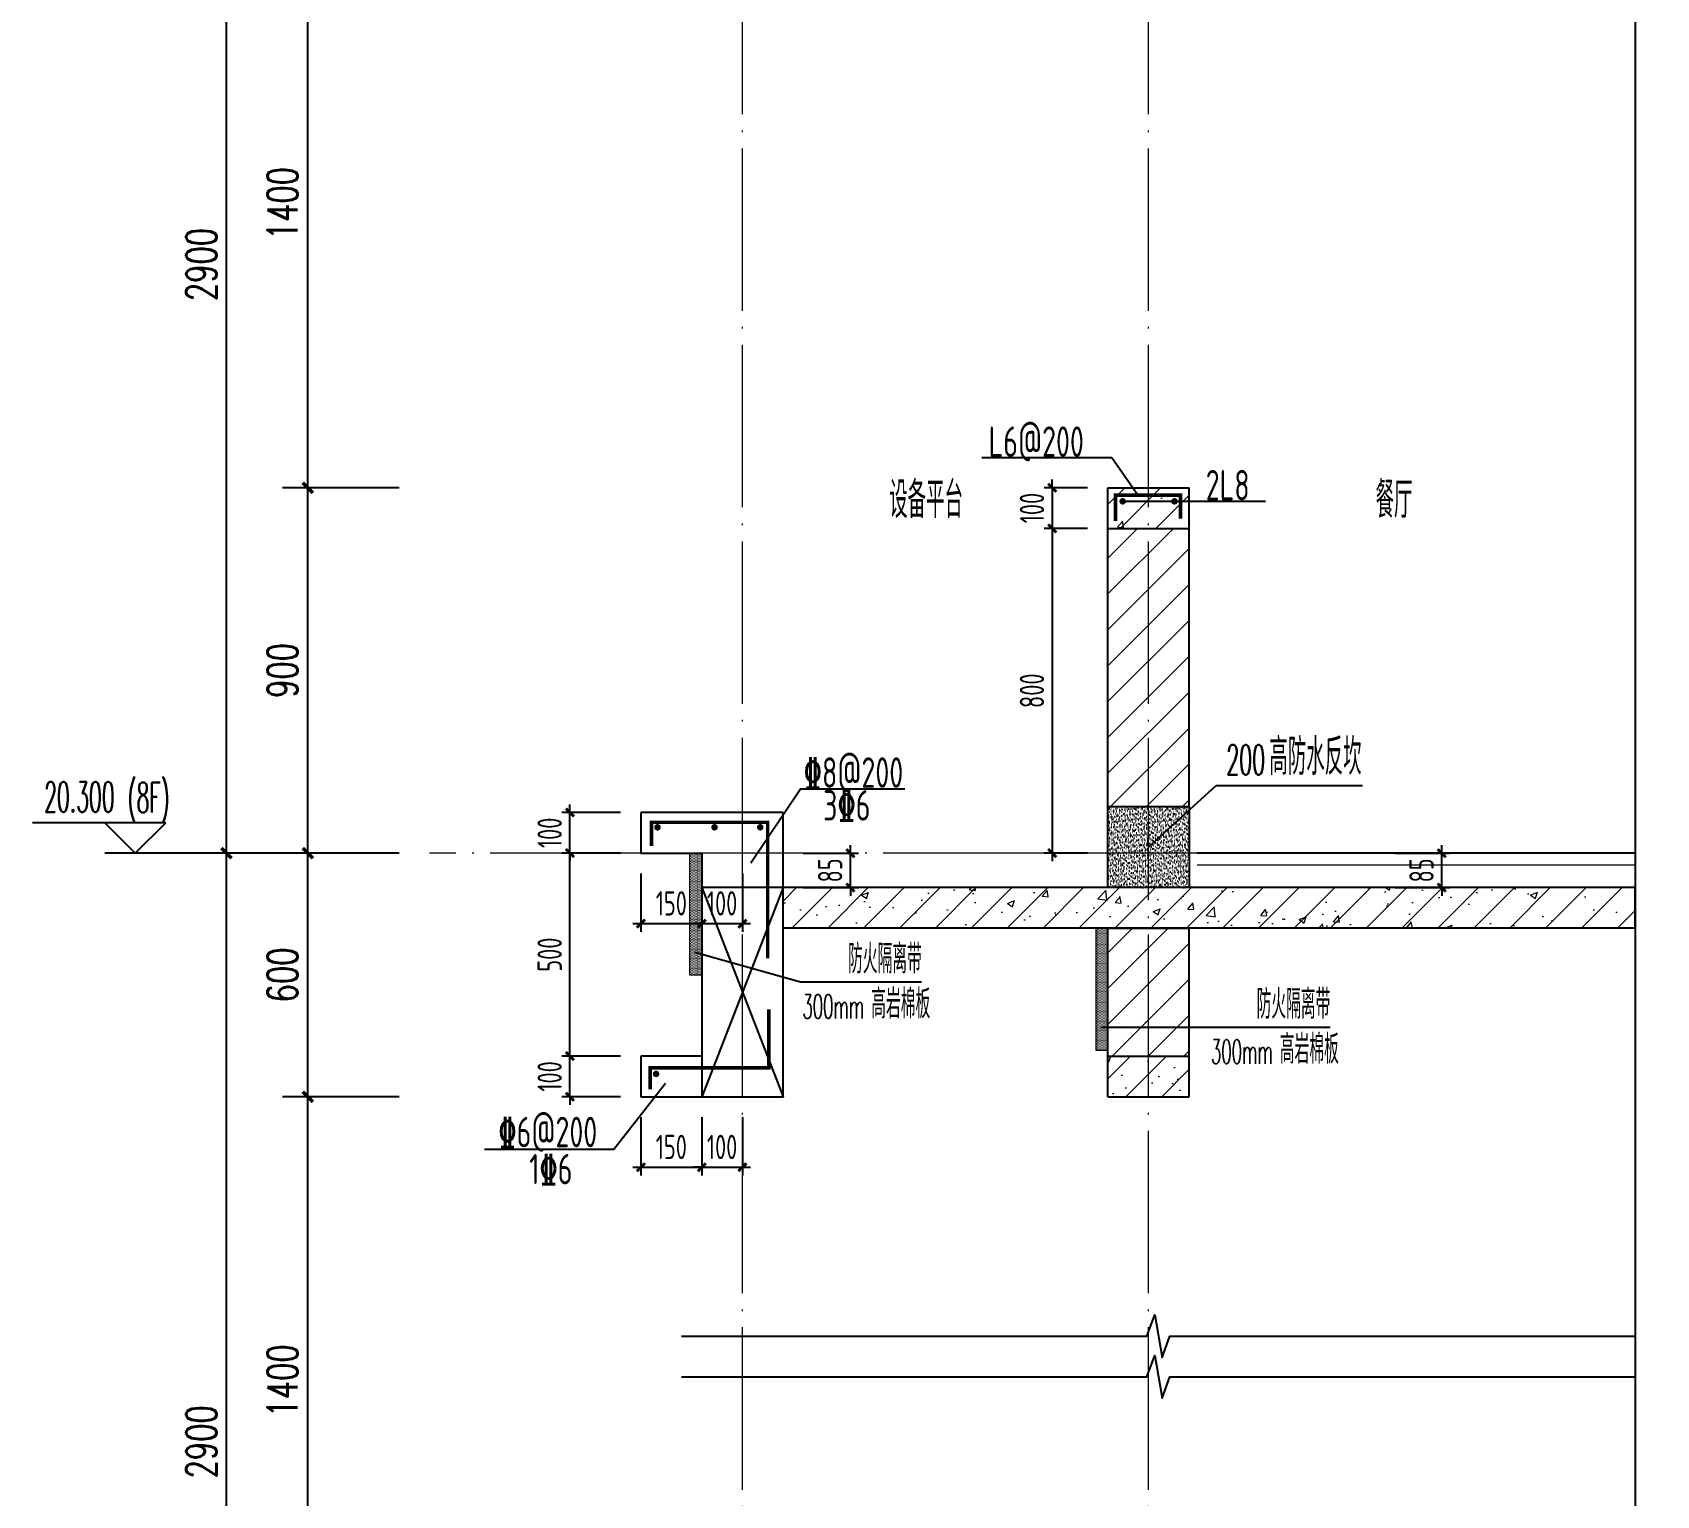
# Model space of a CAD drawing. Extents: x -1712635 to -854203, y -534641 to -21985.
# Drawn here: x -933577 to -929578, y -153873 to -150269 of the extents above; entities that cross this region are included whole.
import ezdxf

# ---------------------------------------------------------------- set-up
doc = ezdxf.new("R2010")
doc.units = 0
doc.header["$LTSCALE"] = 1000
doc.linetypes.add('DOTE', pattern=[2.4200000000000004, 2, -0.2, 0.02, -0.2])
doc.layers.get('0').update_dxf_attribs({"linetype": 'CONTINUOUS'})
doc.layers.get('Defpoints').update_dxf_attribs({"linetype": 'CONTINUOUS'})
for name, color, linetype in [('DIM', 2, 'CONTINUOUS'), ('DIM_ELEV', 3, 'CONTINUOUS'), ('DIM_IDEN', 67, 'CONTINUOUS'), ('DIM_SYMB', 3, 'CONTINUOUS'), ('PUB_DIM', 3, 'CONTINUOUS'), ('PUB_TEXT', 2, 'CONTINUOUS'), ('REIN', 6, 'CONTINUOUS'), ('S-大样-砼线', 7, 'CONTINUOUS'), ('S-引出线', 40, 'CONTINUOUS'), ('TEXT', 2, 'CONTINUOUS'), ('WALL', 2, 'CONTINUOUS'), ('看线', 251, 'CONTINUOUS'), ('立面-看线', 251, 'CONTINUOUS')]:
    doc.layers.add(name, color=color, linetype=linetype)
for name, color, linetype, lineweight in [('DOTE', 19, 'DOTE', 9), ('PUB_HATCH', 8, 'CONTINUOUS', 9), ('内粉刷', 37, 'CONTINUOUS', 9)]:
    doc.layers.add(name, color=color, linetype=linetype, lineweight=lineweight)
doc.styles.add('_TCH_DIM', font='SIMPLEX.shx', dxfattribs={"width": 0.7, "bigfont": 'GBCBIG.shx'})
doc.styles.add('_TCH_DIM_T3', font='SIMPLEX', dxfattribs={"width": 0.7058823529411765, "bigfont": 'GBCBIG'})
doc.styles.add('DIM_FONT_T3', font='SIMPLEX', dxfattribs={"width": 0.7058823529411765, "bigfont": 'GBCBIG'})
doc.styles.add('TSSD_DIMENSION', font='Tssdeng.shx', dxfattribs={"width": 0.7, "bigfont": 'tssdchn.shx'})
doc.styles.add('TSSD_REIN', font='tssdeng.shx', dxfattribs={"width": 0.7, "height": 300, "bigfont": 'tssdchn.shx'})
doc.styles.add('w', font='tssdeng.shx', dxfattribs={"width": 0.8, "bigfont": 'tssdchn.shx'})
doc.dimstyles.new('_TCH_ARCH&&25', dxfattribs={"dimtxt": 74.375, "dimasz": 25, "dimexe": 62.5, "dimexo": 75, "dimgap": 25, "dimtad": 1, "dimdec": 0, "dimzin": 0, "dimdsep": 46, "dimtxsty": '_TCH_DIM_T3', "dimblk": 'ARCHTICK', "dimcen": 0.09, "dimclrt": 7, "dimazin": 0, "dimtfac": 1, "dimtdec": 0, "dimtix": 1, "dimtmove": 2, "dimatfit": 3, "dimldrblk": 'ARCHTICK', "dimfxl": 0, "dimtolj": 1, "dimtzin": 0, "dimarcsym": 0})
doc.dimstyles.new('TSSD_20_20', dxfattribs={"dimtxt": 60, "dimasz": 20, "dimexe": 20, "dimexo": 50, "dimgap": 20, "dimtad": 1, "dimdec": 0, "dimzin": 0, "dimdsep": 46, "dimtxsty": 'TSSD_DIMENSION', "dimblk": 'ARCHTICK', "dimblk1": 'ARCHTICK', "dimblk2": 'ARCHTICK', "dimcen": 0, "dimdle": 20, "dimclrt": 7, "dimadec": 0, "dimazin": 0, "dimtfac": 1, "dimtdec": 0, "dimtix": 1, "dimtmove": 2, "dimatfit": 3, "dimfxl": 0, "dimtolj": 1, "dimtzin": 0, "dimarcsym": 0})
pattern_1 = [(45, (0, 0), (-44.19417382415921, 44.19417382415922), []), (49.99999999999999, (0, 0), (179.3150456501884, -15.68803374564878), [18.75, -206.25]), (355, (0, 0), (-34.68783340325, 188.048033425003), [15, -165]), (100.4514, (14.94292, -1.307335), (144.6273454285054, 172.3598855152384), [15.9350475, -175.285528]), (46.18420000000002, (0, 50), (266.8102621564111, -41.37975358225452), [28.125, -309.3749999999999]), (96.6356, (22.23418625, 46.55167325), (233.6656763871758, 243.5294677251104), [23.902572, -262.92825]), (351.1842, (0, 50), (233.6654862834068, 243.5296502313311), [22.5, -247.5]), (21, (25, 37.5), (149.2267630296154, -100.6547226663347), [18.75, -206.25]), (326.0000000000001, (25, 37.5), (60.82883298039543, 181.2875112617133), [15, -165]), (71.4514, (37.43555825, 29.1120985), (210.0556571453725, 80.6326241774881), [15.9350475, -175.285528]), (37.50000000000001, (0, 0), (3.039963829322667, 83.22346345782788), [0, -163, 0, -167.5, 0, -165.625]), (7.499999999999999, (0, 0), (65.76738436053715, 98.60292797059006), [0, -95.5, 0, -159.25, 0, -63.125]), (327.5, (-55.75, 0), (133.4556090431022, -5.638717933594939), [0, -62.5, 0, -195, 0, -258.75]), (317.5, (-80.75, 0), (145.7965423355966, 25.02624558307943), [0, -81.25, 0, -129.5, 0, -183.75])]
pattern_2 = [(45, (0, 44.8778375), (-44.19419150182874, 44.19419150182875), [])]

# ---------------------------------------------------------------- blocks, each defined once
blk = doc.blocks.new('_ArchTick')
at = {"color": 0, "const_width": 0.35}
blk.add_lwpolyline([(-0.5, -0.5), (0.5, 0.5)], dxfattribs=at)
blk = doc.blocks.new('*D2768')
at = {"layer": 'Defpoints', "color": 0}
for p in [(984614.7914387529, -160825.8069835546), (984789.4022052021, -160825.8069835546), (984789.4022052021, -160925.8069835702)]:
    blk.add_point(p, dxfattribs=at)
at = {"layer": 'DIM', "color": 0, "lineweight": -2}
for p, q in [((984614.7914387529, -160825.8069835546), (984614.7914387529, -160805.8069835546)), ((984739.4022052021, -160825.8069835546), (984594.7914387529, -160825.8069835546)), ((984614.7914387529, -160925.8069835702), (984614.7914387529, -160825.8069835546)), ((984739.4022052021, -160925.8069835702), (984594.7914387529, -160925.8069835702)), ((984614.7914387529, -160925.8069835702), (984614.7914387529, -160945.8069835702))]:
    blk.add_line(p, q, dxfattribs=at)
at = {"layer": 'DIM', "color": 0, "lineweight": -2, "xscale": 20, "yscale": 20, "zscale": 20}
for p, rotation in [((984614.7914387529, -160825.8069835546), 270), ((984614.7914387529, -160925.8069835702), 90)]:
    blk.add_blockref('_ArchTick', p, dxfattribs=dict(at, rotation=rotation))
at = {"layer": 'DIM', "color": 7, "insert": (984564.7914387529, -160875.8069835622), "char_height": 60, "attachment_point": 5, "rotation": 90, "style": 'TSSD_DIMENSION'}
blk.add_mtext('\\A1;100', dxfattribs=at)
blk = doc.blocks.new('*D2769')
at = {"layer": 'Defpoints', "color": 0}
for p in [(984614.7914387529, -160925.8069835702), (984789.4022052021, -160925.8069835702), (984789.4022052021, -161425.8069835702)]:
    blk.add_point(p, dxfattribs=at)
at = {"layer": 'DIM', "color": 0, "lineweight": -2}
for p, q in [((984739.4022052021, -160925.8069835702), (984594.7914387529, -160925.8069835702)), ((984614.7914387529, -161445.8069835702), (984614.7914387529, -160905.8069835702)), ((984739.4022052021, -161425.8069835702), (984594.7914387529, -161425.8069835702))]:
    blk.add_line(p, q, dxfattribs=at)
at = {"layer": 'DIM', "color": 0, "lineweight": -2, "xscale": 20, "yscale": 20, "zscale": 20}
for p, rotation in [((984614.7914387529, -160925.8069835702), 90), ((984614.7914387529, -161425.8069835702), 270)]:
    blk.add_blockref('_ArchTick', p, dxfattribs=dict(at, rotation=rotation))
at = {"layer": 'DIM', "color": 7, "insert": (984564.7914387529, -161175.80698357), "char_height": 60, "attachment_point": 5, "rotation": 90, "style": 'TSSD_DIMENSION'}
blk.add_mtext('\\A1;500', dxfattribs=at)
blk = doc.blocks.new('*D2770')
at = {"layer": 'Defpoints', "color": 0}
for p in [(984614.7914387529, -161425.8069835702), (984789.4022052021, -161425.8069835702), (984789.4022052021, -161525.8069835702)]:
    blk.add_point(p, dxfattribs=at)
at = {"layer": 'DIM', "color": 0, "lineweight": -2}
for p, q in [((984614.7914387529, -161425.8069835702), (984614.7914387529, -161405.8069835702)), ((984739.4022052021, -161425.8069835702), (984594.7914387529, -161425.8069835702)), ((984614.7914387529, -161525.8069835702), (984614.7914387529, -161425.8069835702)), ((984739.4022052021, -161525.8069835702), (984594.7914387529, -161525.8069835702)), ((984614.7914387529, -161525.8069835702), (984614.7914387529, -161545.8069835702))]:
    blk.add_line(p, q, dxfattribs=at)
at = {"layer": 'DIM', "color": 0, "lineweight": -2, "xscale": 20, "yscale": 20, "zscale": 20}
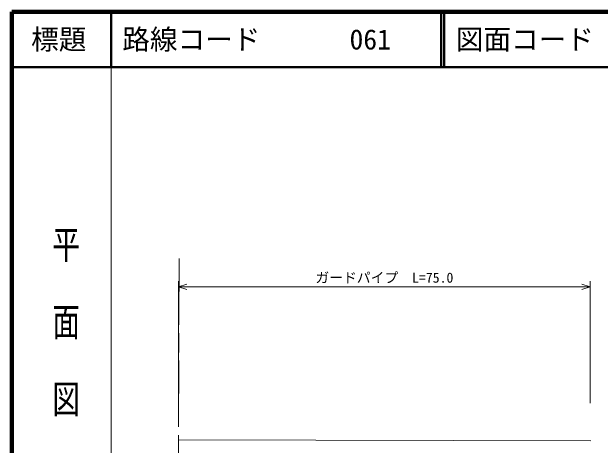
# Model space of a CAD drawing. Units: millimetres, scale not verified. Extents: x 40000 to 680000, y 20000 to 380000.
# Drawn here: x 40000 to 146518, y 301546 to 380000 of the extents above; entities that cross this region are included whole.
import ezdxf
from ezdxf.enums import TextEntityAlignment as Align

# ---------------------------------------------------------------- set-up
doc = ezdxf.new("R2010")
doc.units = ezdxf.units.MM
doc.header["$LTSCALE"] = 1000
doc.linetypes.add('CHAIN', pattern=[18.5, 12, -1.5, 3.5, -1.5])
for name, color, linetype, lineweight in [('M-BGD', 7, 'Continuous', 13), ('M-BMK', 2, 'CHAIN', 13), ('M-STR-HTXT', 7, 'Continuous', 13), ('M-TTL', 2, 'Continuous', 140), ('M-TTL-BAND', 7, 'Continuous', 13), ('M-TTL-LINE', 7, 'Continuous', 50)]:
    doc.layers.add(name, color=color, linetype=linetype, lineweight=lineweight)
doc.layers.add('M-TTL-TXT', color=7, linetype='Continuous')
doc.styles.add('@ＭＳ ゴシック', font='')
doc.styles.add('ＭＳ ゴシック', font='')
doc.styles.get('@ＭＳ ゴシック').set_extended_font_data('@MS Gothic')
doc.styles.get('ＭＳ ゴシック').set_extended_font_data('MS Gothic')

msp = doc.modelspace()

# ---------------------------------------------------------------- linework, layer by layer
at = {"layer": 'M-BGD'}
msp.add_line((144796, 302335), (70197, 302519), dxfattribs=at)
at = {"layer": 'M-BMK'}
msp.add_line((70300, 335358), (70134, 282682), dxfattribs=at)
at = {"layer": 'M-STR-HTXT'}
for p, q in [((70203, 309184), (70203, 331212)), ((70203, 330212), (71703, 330712)), ((70203, 330212), (144686, 330212)), ((70203, 330212), (71703, 329712)), ((144686, 330212), (143186, 330712)), ((144686, 330212), (143186, 329712)), ((144686, 309184), (144686, 331212))]:
    msp.add_line(p, q, dxfattribs=at)
at = {"layer": 'M-TTL'}
for p, q in [((40000, 380000), (40000, 20000)), ((680000, 380000), (40000, 380000))]:
    msp.add_line(p, q, dxfattribs=at)
at = {"layer": 'M-TTL-BAND'}
msp.add_line((58000, 370000), (58000, 20000), dxfattribs=at)
at = {"layer": 'M-TTL-LINE'}
for p, q in [((58000, 380000), (58000, 370000)), ((117750, 380000), (117750, 370000)), ((118250, 380000), (118250, 370000)), ((40000, 370000), (680000, 370000))]:
    msp.add_line(p, q, dxfattribs=at)

# ---------------------------------------------------------------- texts
at = {"layer": 'M-STR-HTXT', "style": 'ＭＳ ゴシック'}
msp.add_text('ガードパイプ  L=75.0', height=1833, dxfattribs=at).set_placement((107445, 330412), align=Align.BOTTOM_CENTER)
at = {"layer": 'M-TTL-BAND', "style": '@ＭＳ ゴシック', "width": 1.4}
msp.add_text('平  面  図', height=3666, rotation=270, dxfattribs=at).set_placement((49777, 306475), align=Align.MIDDLE_RIGHT)
at = {"layer": 'M-TTL-TXT', "style": 'ＭＳ ゴシック'}
msp.add_text('標題', height=3666, dxfattribs=at).set_placement((48500, 375000), align=Align.MIDDLE_CENTER)
for s, p in [('路線コード', (60000, 375000)), ('図面コード', (120380, 375000)), ('061', (101142, 375000))]:
    msp.add_text(s, height=3666, dxfattribs=at).set_placement(p, align=Align.MIDDLE_LEFT)

doc.saveas('drawing.dxf')

-=-=-

→ **How to complete this task**: Show the lines of the records that contain the word "above".

→ **Exercise response**:
# Drawn here: x -933577 to -929578, y -153873 to -150269 of the extents above; entities that cross this region are included whole.
# Drawn here: x 40000 to 146518, y 301546 to 380000 of the extents above; entities that cross this region are included whole.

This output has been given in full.